That command was issued from the www box - that's the box with apache installed.

 *ChrisJumper wrote:*   

> If your Server has an IP in the Internet like 7.19.168.192 and on another Card, connected to your LAN like 192.168.0.7 you have to configure something different.

 Thanks for pointing that out and yes, you are right here. This, however, was simply a typo in my original post (corrected by now). The host only has one network interface (plus lo) and the former has an IP of 192.168.0.7. There's no second interface involved here. Internet access (outgoing only for the moment; incoming traffic is blocke by a firewall on the router) is through a separate router at 192.168.0.1 which is available through a bridged network setup (bridged because the whole setup currently runs under XEN and the www server is a domU in XEN terms - but that shouldn't make any difference here). The router (192.168.0.1; also a XEN domU vm) also serves as the main DNS server for the whole LAN.

 *ChrisJumper wrote:*   

> First of all, your domain.com Name should be the same Address your Internet have.
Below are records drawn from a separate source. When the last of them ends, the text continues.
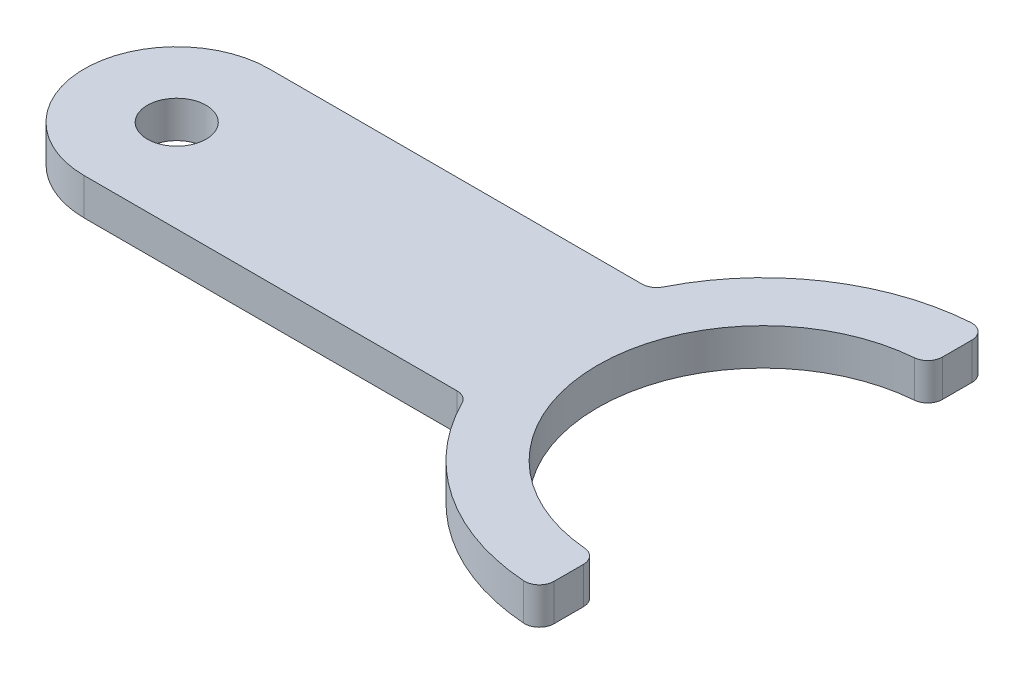
ISO-10303-21;
HEADER;
FILE_DESCRIPTION(('STEP AP214'),'2;1');
FILE_NAME('part.step','',(''),(''),'','','');
FILE_SCHEMA(('AUTOMOTIVE_DESIGN { 1 0 10303 214 1 1 1 1 }'));
ENDSEC;
DATA;
#1=APPLICATION_CONTEXT('core data for automotive mechanical design processes');
#2=APPLICATION_PROTOCOL_DEFINITION('international standard','automotive_design',2000,#1);
#3=PRODUCT_CONTEXT('',#1,'mechanical');
#4=PRODUCT('Part','Part','',(#3));
#5=PRODUCT_RELATED_PRODUCT_CATEGORY('part','',(#4));
#6=PRODUCT_DEFINITION_FORMATION('','',#4);
#7=PRODUCT_DEFINITION_CONTEXT('part definition',#1,'design');
#8=PRODUCT_DEFINITION('design','',#6,#7);
#9=PRODUCT_DEFINITION_SHAPE('','',#8);
#10=(LENGTH_UNIT() NAMED_UNIT(*) SI_UNIT(.MILLI.,.METRE.));
#11=(NAMED_UNIT(*) PLANE_ANGLE_UNIT() SI_UNIT($,.RADIAN.));
#12=(NAMED_UNIT(*) SI_UNIT($,.STERADIAN.) SOLID_ANGLE_UNIT());
#13=UNCERTAINTY_MEASURE_WITH_UNIT(LENGTH_MEASURE(1.E-05),#10,'distance_accuracy_value','');
#14=(GEOMETRIC_REPRESENTATION_CONTEXT(3) GLOBAL_UNCERTAINTY_ASSIGNED_CONTEXT((#13)) GLOBAL_UNIT_ASSIGNED_CONTEXT((#10,
#11,#12)) REPRESENTATION_CONTEXT('',''));
#15=CARTESIAN_POINT('',(0.,0.,0.));
#16=DIRECTION('',(0.,0.,1.));
#17=DIRECTION('',(1.,0.,0.));
#18=AXIS2_PLACEMENT_3D('',#15,#16,#17);
#19=CARTESIAN_POINT('',(77.756,5.,24.4182308941496));
#20=DIRECTION('',(0.,1.,0.));
#21=DIRECTION('',(0.,0.,1.));
#22=AXIS2_PLACEMENT_3D('',#19,#20,#21);
#23=PLANE('',#22);
#24=CARTESIAN_POINT('',(77.756,5.,24.4182308941496));
#25=DIRECTION('',(0.,1.,0.));
#26=DIRECTION('',(0.,0.,1.));
#27=AXIS2_PLACEMENT_3D('',#24,#25,#26);
#28=CIRCLE('',#27,2.);
#29=CARTESIAN_POINT('',(79.756,5.,24.4182308941496));
#30=VERTEX_POINT('',#29);
#31=CARTESIAN_POINT('',(77.9192653061225,5.,22.4249059231986));
#32=VERTEX_POINT('',#31);
#33=EDGE_CURVE('E222',#30,#32,#28,.T.);
#34=ORIENTED_EDGE('',*,*,#33,.T.);
#35=CARTESIAN_POINT('',(79.756,5.,0.));
#36=DIRECTION('',(0.,-1.,0.));
#37=DIRECTION('',(0.,0.,1.));
#38=AXIS2_PLACEMENT_3D('',#35,#36,#37);
#39=CIRCLE('',#38,22.5);
#40=CARTESIAN_POINT('',(77.9192653061225,5.,-22.4249059231986));
#41=VERTEX_POINT('',#40);
#42=EDGE_CURVE('E122',#32,#41,#39,.T.);
#43=ORIENTED_EDGE('',*,*,#42,.T.);
#44=CARTESIAN_POINT('',(77.756,5.,-24.4182308941496));
#45=DIRECTION('',(0.,1.,0.));
#46=DIRECTION('',(0.,0.,-1.));
#47=AXIS2_PLACEMENT_3D('',#44,#45,#46);
#48=CIRCLE('',#47,2.);
#49=CARTESIAN_POINT('',(79.756,5.,-24.4182308941496));
#50=VERTEX_POINT('',#49);
#51=EDGE_CURVE('E267',#41,#50,#48,.T.);
#52=ORIENTED_EDGE('',*,*,#51,.T.);
#53=DIRECTION('',(0.,0.,-1.));
#54=VECTOR('',#53,1.);
#55=CARTESIAN_POINT('',(79.756,5.,-28.426047400121));
#56=LINE('',#55,#54);
#57=CARTESIAN_POINT('',(79.756,5.,-28.426047400121));
#58=VERTEX_POINT('',#57);
#59=EDGE_CURVE('E287',#50,#58,#56,.T.);
#60=ORIENTED_EDGE('',*,*,#59,.T.);
#61=CARTESIAN_POINT('',(77.756,5.,-28.426047400121));
#62=DIRECTION('',(0.,1.,0.));
#63=DIRECTION('',(0.,0.,-1.));
#64=AXIS2_PLACEMENT_3D('',#61,#62,#63);
#65=CIRCLE('',#64,2.);
#66=CARTESIAN_POINT('',(77.6156309908155,5.,-30.421115454414));
#67=VERTEX_POINT('',#66);
#68=EDGE_CURVE('E283',#58,#67,#65,.T.);
#69=ORIENTED_EDGE('',*,*,#68,.T.);
#70=CARTESIAN_POINT('',(79.756,5.,0.));
#71=DIRECTION('',(0.,1.,0.));
#72=DIRECTION('',(0.,0.,1.));
#73=AXIS2_PLACEMENT_3D('',#70,#71,#72);
#74=CIRCLE('',#73,30.4963185480849);
#75=CARTESIAN_POINT('',(52.5016774511365,5.,-13.6831044499694));
#76=VERTEX_POINT('',#75);
#77=EDGE_CURVE('E286',#67,#76,#74,.T.);
#78=ORIENTED_EDGE('',*,*,#77,.T.);
#79=CARTESIAN_POINT('',(50.7142930161339,5.,-14.5804655152661));
#80=DIRECTION('',(0.,-1.,0.));
#81=DIRECTION('',(0.,0.,1.));
#82=AXIS2_PLACEMENT_3D('',#79,#80,#81);
#83=CIRCLE('',#82,2.);
#84=CARTESIAN_POINT('',(50.7142930161339,5.,-12.5804655152661));
#85=VERTEX_POINT('',#84);
#86=EDGE_CURVE('E291',#76,#85,#83,.T.);
#87=ORIENTED_EDGE('',*,*,#86,.T.);
#88=DIRECTION('',(-1.,0.,0.));
#89=VECTOR('',#88,1.);
#90=CARTESIAN_POINT('',(0.,5.,-12.5804655152661));
#91=LINE('',#90,#89);
#92=CARTESIAN_POINT('',(0.,5.,-12.5804655152661));
#93=VERTEX_POINT('',#92);
#94=EDGE_CURVE('E298',#85,#93,#91,.T.);
#95=ORIENTED_EDGE('',*,*,#94,.T.);
#96=CARTESIAN_POINT('',(0.,5.,0.));
#97=DIRECTION('',(0.,1.,0.));
#98=DIRECTION('',(0.,0.,-1.));
#99=AXIS2_PLACEMENT_3D('',#96,#97,#98);
#100=CIRCLE('',#99,12.5804655152661);
#101=CARTESIAN_POINT('',(0.,5.,12.5804655152661));
#102=VERTEX_POINT('',#101);
#103=EDGE_CURVE('E301',#93,#102,#100,.T.);
#104=ORIENTED_EDGE('',*,*,#103,.T.);
#105=DIRECTION('',(1.,0.,0.));
#106=VECTOR('',#105,1.);
#107=CARTESIAN_POINT('',(0.,5.,12.5804655152661));
#108=LINE('',#107,#106);
#109=CARTESIAN_POINT('',(50.7142930161339,5.,12.5804655152661));
#110=VERTEX_POINT('',#109);
#111=EDGE_CURVE('E304',#102,#110,#108,.T.);
#112=ORIENTED_EDGE('',*,*,#111,.T.);
#113=CARTESIAN_POINT('',(50.7142930161339,5.,14.5804655152661));
#114=DIRECTION('',(0.,-1.,0.));
#115=DIRECTION('',(0.,0.,-1.));
#116=AXIS2_PLACEMENT_3D('',#113,#114,#115);
#117=CIRCLE('',#116,2.);
#118=CARTESIAN_POINT('',(52.5016774511365,5.,13.6831044499694));
#119=VERTEX_POINT('',#118);
#120=EDGE_CURVE('E159',#110,#119,#117,.T.);
#121=ORIENTED_EDGE('',*,*,#120,.T.);
#122=CARTESIAN_POINT('',(79.756,5.,0.));
#123=DIRECTION('',(0.,1.,0.));
#124=DIRECTION('',(0.,0.,1.));
#125=AXIS2_PLACEMENT_3D('',#122,#123,#124);
#126=CIRCLE('',#125,30.4963185480849);
#127=CARTESIAN_POINT('',(77.6156309908155,5.,30.421115454414));
#128=VERTEX_POINT('',#127);
#129=EDGE_CURVE('E153',#119,#128,#126,.T.);
#130=ORIENTED_EDGE('',*,*,#129,.T.);
#131=CARTESIAN_POINT('',(77.756,5.,28.426047400121));
#132=DIRECTION('',(0.,1.,0.));
#133=DIRECTION('',(0.,0.,1.));
#134=AXIS2_PLACEMENT_3D('',#131,#132,#133);
#135=CIRCLE('',#134,2.);
#136=CARTESIAN_POINT('',(79.756,5.,28.426047400121));
#137=VERTEX_POINT('',#136);
#138=EDGE_CURVE('E157',#128,#137,#135,.T.);
#139=ORIENTED_EDGE('',*,*,#138,.T.);
#140=DIRECTION('',(0.,0.,-1.));
#141=VECTOR('',#140,1.);
#142=CARTESIAN_POINT('',(79.756,5.,28.426047400121));
#143=LINE('',#142,#141);
#144=EDGE_CURVE('E61',#137,#30,#143,.T.);
#145=ORIENTED_EDGE('',*,*,#144,.T.);
#146=EDGE_LOOP('',(#34,#43,#52,#60,#69,#78,#87,#95,#104,#112,#121,#130,#139,#145));
#147=FACE_BOUND('',#146,.T.);
#148=CARTESIAN_POINT('',(0.,5.,0.));
#149=DIRECTION('',(0.,1.,0.));
#150=DIRECTION('',(0.,0.,1.));
#151=AXIS2_PLACEMENT_3D('',#148,#149,#150);
#152=CIRCLE('',#151,4.);
#153=CARTESIAN_POINT('',(0.,5.,4.));
#154=VERTEX_POINT('',#153);
#155=EDGE_CURVE('E186',#154,#154,#152,.T.);
#156=ORIENTED_EDGE('',*,*,#155,.F.);
#157=EDGE_LOOP('',(#156));
#158=FACE_BOUND('',#157,.T.);
#159=ADVANCED_FACE('F43',(#147,#158),#23,.T.);
#160=CARTESIAN_POINT('',(77.756,0.,24.4182308941496));
#161=DIRECTION('',(0.,1.,0.));
#162=DIRECTION('',(0.,0.,1.));
#163=AXIS2_PLACEMENT_3D('',#160,#161,#162);
#164=PLANE('',#163);
#165=CARTESIAN_POINT('',(77.756,0.,24.4182308941496));
#166=DIRECTION('',(0.,1.,0.));
#167=DIRECTION('',(0.,0.,1.));
#168=AXIS2_PLACEMENT_3D('',#165,#166,#167);
#169=CIRCLE('',#168,2.);
#170=CARTESIAN_POINT('',(79.756,0.,24.4182308941496));
#171=VERTEX_POINT('',#170);
#172=CARTESIAN_POINT('',(77.9192653061225,0.,22.4249059231986));
#173=VERTEX_POINT('',#172);
#174=EDGE_CURVE('E181',#171,#173,#169,.T.);
#175=ORIENTED_EDGE('',*,*,#174,.F.);
#176=DIRECTION('',(0.,0.,-1.));
#177=VECTOR('',#176,1.);
#178=CARTESIAN_POINT('',(79.756,0.,28.426047400121));
#179=LINE('',#178,#177);
#180=CARTESIAN_POINT('',(79.756,0.,28.426047400121));
#181=VERTEX_POINT('',#180);
#182=EDGE_CURVE('E114',#181,#171,#179,.T.);
#183=ORIENTED_EDGE('',*,*,#182,.F.);
#184=CARTESIAN_POINT('',(77.756,0.,28.426047400121));
#185=DIRECTION('',(0.,1.,0.));
#186=DIRECTION('',(0.,0.,1.));
#187=AXIS2_PLACEMENT_3D('',#184,#185,#186);
#188=CIRCLE('',#187,2.);
#189=CARTESIAN_POINT('',(77.6156309908155,0.,30.421115454414));
#190=VERTEX_POINT('',#189);
#191=EDGE_CURVE('E108',#190,#181,#188,.T.);
#192=ORIENTED_EDGE('',*,*,#191,.F.);
#193=CARTESIAN_POINT('',(79.756,0.,0.));
#194=DIRECTION('',(0.,1.,0.));
#195=DIRECTION('',(0.,0.,1.));
#196=AXIS2_PLACEMENT_3D('',#193,#194,#195);
#197=CIRCLE('',#196,30.4963185480849);
#198=CARTESIAN_POINT('',(52.5016774511365,0.,13.6831044499694));
#199=VERTEX_POINT('',#198);
#200=EDGE_CURVE('E168',#199,#190,#197,.T.);
#201=ORIENTED_EDGE('',*,*,#200,.F.);
#202=CARTESIAN_POINT('',(50.7142930161339,0.,14.5804655152661));
#203=DIRECTION('',(0.,-1.,0.));
#204=DIRECTION('',(0.,0.,-1.));
#205=AXIS2_PLACEMENT_3D('',#202,#203,#204);
#206=CIRCLE('',#205,2.);
#207=CARTESIAN_POINT('',(50.7142930161339,0.,12.5804655152661));
#208=VERTEX_POINT('',#207);
#209=EDGE_CURVE('E213',#208,#199,#206,.T.);
#210=ORIENTED_EDGE('',*,*,#209,.F.);
#211=DIRECTION('',(1.,0.,0.));
#212=VECTOR('',#211,1.);
#213=CARTESIAN_POINT('',(0.,0.,12.5804655152661));
#214=LINE('',#213,#212);
#215=CARTESIAN_POINT('',(0.,0.,12.5804655152661));
#216=VERTEX_POINT('',#215);
#217=EDGE_CURVE('E210',#216,#208,#214,.T.);
#218=ORIENTED_EDGE('',*,*,#217,.F.);
#219=CARTESIAN_POINT('',(0.,0.,0.));
#220=DIRECTION('',(0.,1.,0.));
#221=DIRECTION('',(0.,0.,-1.));
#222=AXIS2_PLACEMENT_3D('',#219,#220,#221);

 That is the case and domain.com only serves as a generic name in the example to hide my real domain name. My (real) domain name is valid and registerd.

 *ChrisJumper wrote:*   

> Your Clients in LAN without an Entry in there Host File will Ask for an IP Adress and Access your IP through the Internet-IP Network Device.

 The IP address 192.168.0.7 for the www.mydomain.com server is in the /etc/hosts file for every (virtual) gentoo box in my network and also served from the DNS server/router at 192.168.0.1. The host command however AFAIK always anyway does a query to the DNS server and does not consult any local /etc/hosts file.

The Win7 box did actually resolve the name www.mydomain.com through querying the DNS server (to be more precise: The DNS server for the Win7 box is 192.168.0.13 which serves a subdomain of mydomain.com named samba.mydomain.com for which it is authoritative; for other queries 192.168.0.13 has a forwarder configured which is 192.168.0.1, the router and main DNS server. 192.168.0.1 is authoritative for mydomain.com [with a subdelegation for samba.mydomain.com to 192.168.0.13] and also gets DNS infor for domains in the internet like google.com - but I don't think that setup makes any difference here). And resolving from the Win7 box works as expected:

```
C:\>nslookup 192.168.0.7

Server:  storage.samba.mydomain.com

Address:  192.168.0.13

Name:    www.mydomain.com

Address:  192.168.0.7

C:\>nslookup www.mydomain.com

Server:  storage.samba.mydomain.com

Address:  192.168.0.13

Nicht autorisierende Antwort:

Name:    www.mydomain.com

Address:  192.168.0.7
```

Sorry for the German language output from Win7, but, as you might guess, that's a German language version.

 *ChrisJumper wrote:*   

> You could Configure Apache on what IP it will Listen and serve different Web Pages.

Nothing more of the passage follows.